Subject to (b)(i)-(v) above, J.P. Morgan is hereby authorized to place and maintain foreign Financial Assets and cash on behalf of the Customer with Eligible Foreign Custodians pursuant to a written contract that either (i) contain the provisions required by paragraph (c)(2)(i) of Rule 17f-5 or (ii) in lieu of any or all of such provisions, contain other provisions that J.P. Morgan determines will provide, in their entirety, an appropriate level of care and protection for the Financial Assets held with such Subcustodian as the specified provisions of Rule 17f-5.

 

  (c)

Except as expressly provided herein, the Customer shall be solely responsible to assure that the maintenance of foreign Financial Assets and cash hereunder complies with the rules, regulations, interpretations and exemptive orders as promulgated by or under the authority of the SEC.

 

  (d)

J.P. Morgan represents to the Customer that it is a U.S. Bank as defined in Rule 17f-5(a)(7). The Customer represents to J.P. Morgan that: (1) the foreign Financial Assets and cash being placed and maintained in J.P. Morgan’s custody are subject to the 1940 Act, as the same may be amended from time to time; (2) (i) its board has determined that it is reasonable to rely on J.P. Morgan to perform as the Customer’s Foreign Custody Manager or (ii) its board or its Investment Adviser shall have determined that the Customer may maintain foreign Financial Assets and cash in each country in which the Customer’s Financial Assets and cash shall be held hereunder and determined to accept Country Risk. Nothing contained herein shall require J.P. Morgan to make any selection or to engage in any monitoring on behalf of the Customer that would entail consideration of Country Risk.

 

  (e)

J.P. Morgan shall provide to the Customer such information relating to Country Risk as is specified in Schedule 1 hereto.
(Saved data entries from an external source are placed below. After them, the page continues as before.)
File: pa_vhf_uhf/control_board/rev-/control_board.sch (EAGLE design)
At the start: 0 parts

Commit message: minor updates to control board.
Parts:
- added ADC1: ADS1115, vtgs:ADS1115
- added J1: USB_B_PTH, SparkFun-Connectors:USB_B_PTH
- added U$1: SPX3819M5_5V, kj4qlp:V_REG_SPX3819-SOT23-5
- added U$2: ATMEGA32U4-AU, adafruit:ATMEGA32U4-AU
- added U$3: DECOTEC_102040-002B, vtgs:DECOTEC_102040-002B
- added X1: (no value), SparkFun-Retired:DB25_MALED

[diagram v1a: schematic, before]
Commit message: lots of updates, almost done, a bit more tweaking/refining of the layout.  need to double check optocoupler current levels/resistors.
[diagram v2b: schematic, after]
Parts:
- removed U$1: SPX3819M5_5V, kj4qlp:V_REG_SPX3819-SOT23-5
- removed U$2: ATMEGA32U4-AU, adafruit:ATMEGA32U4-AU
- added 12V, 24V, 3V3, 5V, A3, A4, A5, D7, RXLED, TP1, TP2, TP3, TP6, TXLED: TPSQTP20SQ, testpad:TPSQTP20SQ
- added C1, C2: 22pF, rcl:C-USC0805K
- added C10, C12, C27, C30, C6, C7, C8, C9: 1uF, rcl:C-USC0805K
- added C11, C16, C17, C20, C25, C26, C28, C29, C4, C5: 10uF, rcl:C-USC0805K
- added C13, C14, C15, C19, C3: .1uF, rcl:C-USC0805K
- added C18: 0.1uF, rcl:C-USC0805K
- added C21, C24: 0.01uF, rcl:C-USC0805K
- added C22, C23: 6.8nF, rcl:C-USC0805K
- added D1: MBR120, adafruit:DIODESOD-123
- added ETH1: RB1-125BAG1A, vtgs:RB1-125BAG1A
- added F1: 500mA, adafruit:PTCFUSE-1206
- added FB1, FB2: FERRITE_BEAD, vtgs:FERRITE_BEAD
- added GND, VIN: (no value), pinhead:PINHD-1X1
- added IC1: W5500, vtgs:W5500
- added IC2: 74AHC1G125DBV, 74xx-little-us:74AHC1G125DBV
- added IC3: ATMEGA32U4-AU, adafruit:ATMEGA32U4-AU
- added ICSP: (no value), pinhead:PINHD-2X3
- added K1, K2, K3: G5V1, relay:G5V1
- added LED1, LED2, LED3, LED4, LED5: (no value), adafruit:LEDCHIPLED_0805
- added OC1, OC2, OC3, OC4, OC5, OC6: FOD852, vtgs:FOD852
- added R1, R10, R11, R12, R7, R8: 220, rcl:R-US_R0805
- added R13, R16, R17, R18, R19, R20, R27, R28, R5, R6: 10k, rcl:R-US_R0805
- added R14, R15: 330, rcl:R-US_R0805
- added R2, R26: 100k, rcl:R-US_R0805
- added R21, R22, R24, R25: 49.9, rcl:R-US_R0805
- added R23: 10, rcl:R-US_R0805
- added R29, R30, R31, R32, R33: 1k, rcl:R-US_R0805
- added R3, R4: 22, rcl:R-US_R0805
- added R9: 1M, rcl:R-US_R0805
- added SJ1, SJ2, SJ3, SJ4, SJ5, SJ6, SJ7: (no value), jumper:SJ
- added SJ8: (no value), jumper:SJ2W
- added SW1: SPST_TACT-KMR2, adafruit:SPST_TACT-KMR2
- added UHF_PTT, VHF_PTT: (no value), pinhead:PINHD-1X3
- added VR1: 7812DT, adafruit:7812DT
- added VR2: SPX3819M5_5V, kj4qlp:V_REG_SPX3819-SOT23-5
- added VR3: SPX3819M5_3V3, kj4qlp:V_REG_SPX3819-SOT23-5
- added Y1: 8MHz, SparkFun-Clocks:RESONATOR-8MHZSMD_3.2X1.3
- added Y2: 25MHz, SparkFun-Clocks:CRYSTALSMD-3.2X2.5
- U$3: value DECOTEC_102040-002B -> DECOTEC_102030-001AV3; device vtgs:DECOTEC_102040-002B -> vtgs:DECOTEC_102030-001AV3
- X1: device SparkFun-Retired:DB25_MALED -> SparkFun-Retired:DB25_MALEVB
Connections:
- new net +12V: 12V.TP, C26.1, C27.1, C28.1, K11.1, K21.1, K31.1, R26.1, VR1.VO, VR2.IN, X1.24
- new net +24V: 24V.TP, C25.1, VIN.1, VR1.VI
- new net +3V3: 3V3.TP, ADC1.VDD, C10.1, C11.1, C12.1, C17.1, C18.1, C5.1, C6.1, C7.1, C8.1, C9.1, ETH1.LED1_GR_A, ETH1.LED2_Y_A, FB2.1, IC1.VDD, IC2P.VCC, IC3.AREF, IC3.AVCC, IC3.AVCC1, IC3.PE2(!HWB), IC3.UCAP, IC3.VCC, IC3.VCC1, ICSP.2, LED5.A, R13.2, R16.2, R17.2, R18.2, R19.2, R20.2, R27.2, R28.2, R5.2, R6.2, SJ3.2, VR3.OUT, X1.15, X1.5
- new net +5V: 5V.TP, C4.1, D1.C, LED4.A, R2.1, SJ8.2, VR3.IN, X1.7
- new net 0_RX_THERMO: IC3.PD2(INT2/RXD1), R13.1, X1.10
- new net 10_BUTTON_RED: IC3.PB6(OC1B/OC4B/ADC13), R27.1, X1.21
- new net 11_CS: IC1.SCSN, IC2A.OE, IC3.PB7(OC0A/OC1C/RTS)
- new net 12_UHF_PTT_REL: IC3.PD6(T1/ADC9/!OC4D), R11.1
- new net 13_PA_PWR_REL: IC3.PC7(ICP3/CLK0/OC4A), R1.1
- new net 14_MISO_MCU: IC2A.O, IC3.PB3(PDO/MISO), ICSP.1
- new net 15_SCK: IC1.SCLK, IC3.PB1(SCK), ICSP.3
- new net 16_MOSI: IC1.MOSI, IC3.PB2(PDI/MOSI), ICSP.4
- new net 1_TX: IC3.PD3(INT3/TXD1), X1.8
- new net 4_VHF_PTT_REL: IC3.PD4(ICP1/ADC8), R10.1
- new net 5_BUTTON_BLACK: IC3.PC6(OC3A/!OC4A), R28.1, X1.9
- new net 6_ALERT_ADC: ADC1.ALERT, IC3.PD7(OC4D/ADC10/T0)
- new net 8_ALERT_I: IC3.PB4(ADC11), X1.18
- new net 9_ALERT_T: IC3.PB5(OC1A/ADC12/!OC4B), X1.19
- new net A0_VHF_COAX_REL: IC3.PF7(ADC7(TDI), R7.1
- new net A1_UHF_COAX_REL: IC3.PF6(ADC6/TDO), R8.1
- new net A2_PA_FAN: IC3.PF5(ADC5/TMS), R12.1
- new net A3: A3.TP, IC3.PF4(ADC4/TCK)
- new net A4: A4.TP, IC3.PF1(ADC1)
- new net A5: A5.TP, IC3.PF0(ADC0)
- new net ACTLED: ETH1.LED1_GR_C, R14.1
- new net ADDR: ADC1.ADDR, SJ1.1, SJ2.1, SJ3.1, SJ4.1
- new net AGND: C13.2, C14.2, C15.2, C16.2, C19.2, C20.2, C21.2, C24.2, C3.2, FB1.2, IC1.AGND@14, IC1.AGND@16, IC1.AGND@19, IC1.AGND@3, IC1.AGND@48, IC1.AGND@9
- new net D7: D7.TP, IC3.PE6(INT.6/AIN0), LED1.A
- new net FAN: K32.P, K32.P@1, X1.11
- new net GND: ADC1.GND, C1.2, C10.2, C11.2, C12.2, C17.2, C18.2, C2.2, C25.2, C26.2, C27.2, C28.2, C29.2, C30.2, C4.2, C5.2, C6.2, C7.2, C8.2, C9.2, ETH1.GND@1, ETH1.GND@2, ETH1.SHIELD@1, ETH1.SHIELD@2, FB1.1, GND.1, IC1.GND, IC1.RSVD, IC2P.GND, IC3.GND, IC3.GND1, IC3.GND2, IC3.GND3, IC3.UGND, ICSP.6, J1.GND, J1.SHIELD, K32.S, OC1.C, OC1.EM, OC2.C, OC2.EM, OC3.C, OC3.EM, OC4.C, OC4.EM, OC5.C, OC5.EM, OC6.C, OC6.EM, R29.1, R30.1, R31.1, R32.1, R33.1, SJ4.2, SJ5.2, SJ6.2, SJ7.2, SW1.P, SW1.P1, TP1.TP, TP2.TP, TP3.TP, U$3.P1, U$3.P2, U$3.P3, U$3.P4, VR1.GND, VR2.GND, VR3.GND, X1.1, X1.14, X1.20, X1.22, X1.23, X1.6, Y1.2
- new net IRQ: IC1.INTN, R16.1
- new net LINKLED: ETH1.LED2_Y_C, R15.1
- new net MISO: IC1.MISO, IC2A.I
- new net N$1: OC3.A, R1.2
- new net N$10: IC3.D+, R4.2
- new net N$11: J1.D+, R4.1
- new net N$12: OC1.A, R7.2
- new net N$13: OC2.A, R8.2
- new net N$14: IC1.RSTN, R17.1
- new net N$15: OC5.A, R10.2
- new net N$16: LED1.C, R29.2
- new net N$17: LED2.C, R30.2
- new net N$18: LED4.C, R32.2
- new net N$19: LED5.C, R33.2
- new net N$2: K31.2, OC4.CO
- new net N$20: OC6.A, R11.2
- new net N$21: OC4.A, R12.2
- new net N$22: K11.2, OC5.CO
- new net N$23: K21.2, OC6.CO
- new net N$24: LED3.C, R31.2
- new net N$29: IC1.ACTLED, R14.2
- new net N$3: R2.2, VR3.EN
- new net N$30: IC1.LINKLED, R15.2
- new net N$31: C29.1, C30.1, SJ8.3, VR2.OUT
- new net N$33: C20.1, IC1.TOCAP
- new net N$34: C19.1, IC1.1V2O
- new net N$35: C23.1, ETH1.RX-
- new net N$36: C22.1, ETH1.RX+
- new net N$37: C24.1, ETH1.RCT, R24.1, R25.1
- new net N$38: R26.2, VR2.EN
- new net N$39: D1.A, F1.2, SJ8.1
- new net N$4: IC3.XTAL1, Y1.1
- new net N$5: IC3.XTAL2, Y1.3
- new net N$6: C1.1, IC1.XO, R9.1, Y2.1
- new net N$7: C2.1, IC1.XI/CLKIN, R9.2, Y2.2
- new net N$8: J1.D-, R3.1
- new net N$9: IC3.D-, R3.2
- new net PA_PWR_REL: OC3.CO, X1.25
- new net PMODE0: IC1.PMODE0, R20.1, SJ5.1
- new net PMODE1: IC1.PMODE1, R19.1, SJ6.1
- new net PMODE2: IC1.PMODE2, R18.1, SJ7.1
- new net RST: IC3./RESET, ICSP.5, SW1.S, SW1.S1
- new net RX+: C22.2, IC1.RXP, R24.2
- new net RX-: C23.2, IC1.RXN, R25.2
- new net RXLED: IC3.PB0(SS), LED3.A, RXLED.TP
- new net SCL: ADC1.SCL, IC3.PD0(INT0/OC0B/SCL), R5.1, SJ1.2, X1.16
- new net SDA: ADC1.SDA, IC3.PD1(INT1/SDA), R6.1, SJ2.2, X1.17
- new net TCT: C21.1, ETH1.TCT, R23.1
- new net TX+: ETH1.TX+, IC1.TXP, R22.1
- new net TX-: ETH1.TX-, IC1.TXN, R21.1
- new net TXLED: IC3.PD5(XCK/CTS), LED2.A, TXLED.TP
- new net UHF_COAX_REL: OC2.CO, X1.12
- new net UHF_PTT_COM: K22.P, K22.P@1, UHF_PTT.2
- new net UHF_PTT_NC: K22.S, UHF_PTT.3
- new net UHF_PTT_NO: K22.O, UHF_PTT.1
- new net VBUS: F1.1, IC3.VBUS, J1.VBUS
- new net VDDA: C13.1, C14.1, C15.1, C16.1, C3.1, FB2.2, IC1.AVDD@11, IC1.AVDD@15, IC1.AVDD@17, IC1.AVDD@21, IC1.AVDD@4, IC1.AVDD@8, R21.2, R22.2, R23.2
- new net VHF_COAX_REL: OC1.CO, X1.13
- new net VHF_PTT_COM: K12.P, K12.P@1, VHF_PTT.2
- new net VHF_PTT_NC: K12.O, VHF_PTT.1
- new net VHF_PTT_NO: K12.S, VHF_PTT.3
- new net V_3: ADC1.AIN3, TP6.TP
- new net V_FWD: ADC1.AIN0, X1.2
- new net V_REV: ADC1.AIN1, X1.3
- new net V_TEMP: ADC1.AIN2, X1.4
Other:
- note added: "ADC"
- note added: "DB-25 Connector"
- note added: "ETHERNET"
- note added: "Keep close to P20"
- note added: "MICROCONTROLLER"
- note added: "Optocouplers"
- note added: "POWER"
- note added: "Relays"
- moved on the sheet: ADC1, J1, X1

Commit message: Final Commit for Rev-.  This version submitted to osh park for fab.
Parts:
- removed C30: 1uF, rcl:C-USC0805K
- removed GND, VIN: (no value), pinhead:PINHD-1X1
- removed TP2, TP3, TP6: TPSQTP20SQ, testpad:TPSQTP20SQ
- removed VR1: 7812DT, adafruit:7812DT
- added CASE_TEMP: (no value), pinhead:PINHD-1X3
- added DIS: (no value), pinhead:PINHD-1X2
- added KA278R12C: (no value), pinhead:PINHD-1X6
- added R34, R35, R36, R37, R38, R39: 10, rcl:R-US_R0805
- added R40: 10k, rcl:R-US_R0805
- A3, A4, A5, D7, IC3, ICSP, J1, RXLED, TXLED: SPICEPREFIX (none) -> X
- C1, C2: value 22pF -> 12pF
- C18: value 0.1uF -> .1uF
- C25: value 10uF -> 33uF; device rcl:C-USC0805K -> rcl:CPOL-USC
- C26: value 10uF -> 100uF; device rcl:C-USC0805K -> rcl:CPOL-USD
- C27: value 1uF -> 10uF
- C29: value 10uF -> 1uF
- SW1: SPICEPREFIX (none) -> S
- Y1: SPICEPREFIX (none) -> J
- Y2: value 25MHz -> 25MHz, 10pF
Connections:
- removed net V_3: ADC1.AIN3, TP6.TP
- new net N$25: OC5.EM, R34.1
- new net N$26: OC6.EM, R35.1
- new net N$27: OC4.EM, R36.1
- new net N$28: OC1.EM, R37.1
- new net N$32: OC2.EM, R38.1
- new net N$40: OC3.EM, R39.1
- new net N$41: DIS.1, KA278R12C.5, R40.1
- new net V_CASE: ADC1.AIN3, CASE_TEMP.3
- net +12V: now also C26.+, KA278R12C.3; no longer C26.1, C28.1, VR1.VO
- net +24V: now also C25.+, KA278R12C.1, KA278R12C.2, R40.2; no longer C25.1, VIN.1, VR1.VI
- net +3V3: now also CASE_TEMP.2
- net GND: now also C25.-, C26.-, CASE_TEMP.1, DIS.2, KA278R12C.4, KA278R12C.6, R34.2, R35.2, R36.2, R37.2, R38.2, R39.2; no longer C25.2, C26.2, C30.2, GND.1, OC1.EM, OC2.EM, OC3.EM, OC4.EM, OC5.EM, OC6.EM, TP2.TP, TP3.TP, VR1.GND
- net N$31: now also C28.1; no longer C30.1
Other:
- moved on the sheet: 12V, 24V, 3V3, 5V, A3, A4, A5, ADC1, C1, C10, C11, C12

The Customer hereby acknowledges that: (i) such information is solely designed to inform the Customer of market conditions and procedures and is not intended as a recommendation to invest or not invest in particular markets; and (ii) J.P. Morgan has gathered the information from sources it considers reliable, but that J.P. Morgan shall have no responsibility for inaccuracies or incomplete information.

 

  (f)

For the avoidance of doubt, J.P. Morgan will notify the Customer promptly if it determines that an arrangement with an Eligible Foreign Custodian no longer meets the requirements of Rule 17f-5 under the 1940 Act.

 

  5.4

Compliance with Rule 17f-7 under the 1940 Act (“Rule 17f-7”)

 

  (a)

J.P. Morgan shall, for consideration by the Customer, provide an initial analysis and annual review in accordance with maintaining the Customer’s foreign Financial Assets and cash with each Eligible Securities Depository used by J.P. Morgan as of the date hereof (or, in the case of an Eligible Securities Depository not used by J.P. Morgan as of the date hereof, prior to the initial


Exhibit (g)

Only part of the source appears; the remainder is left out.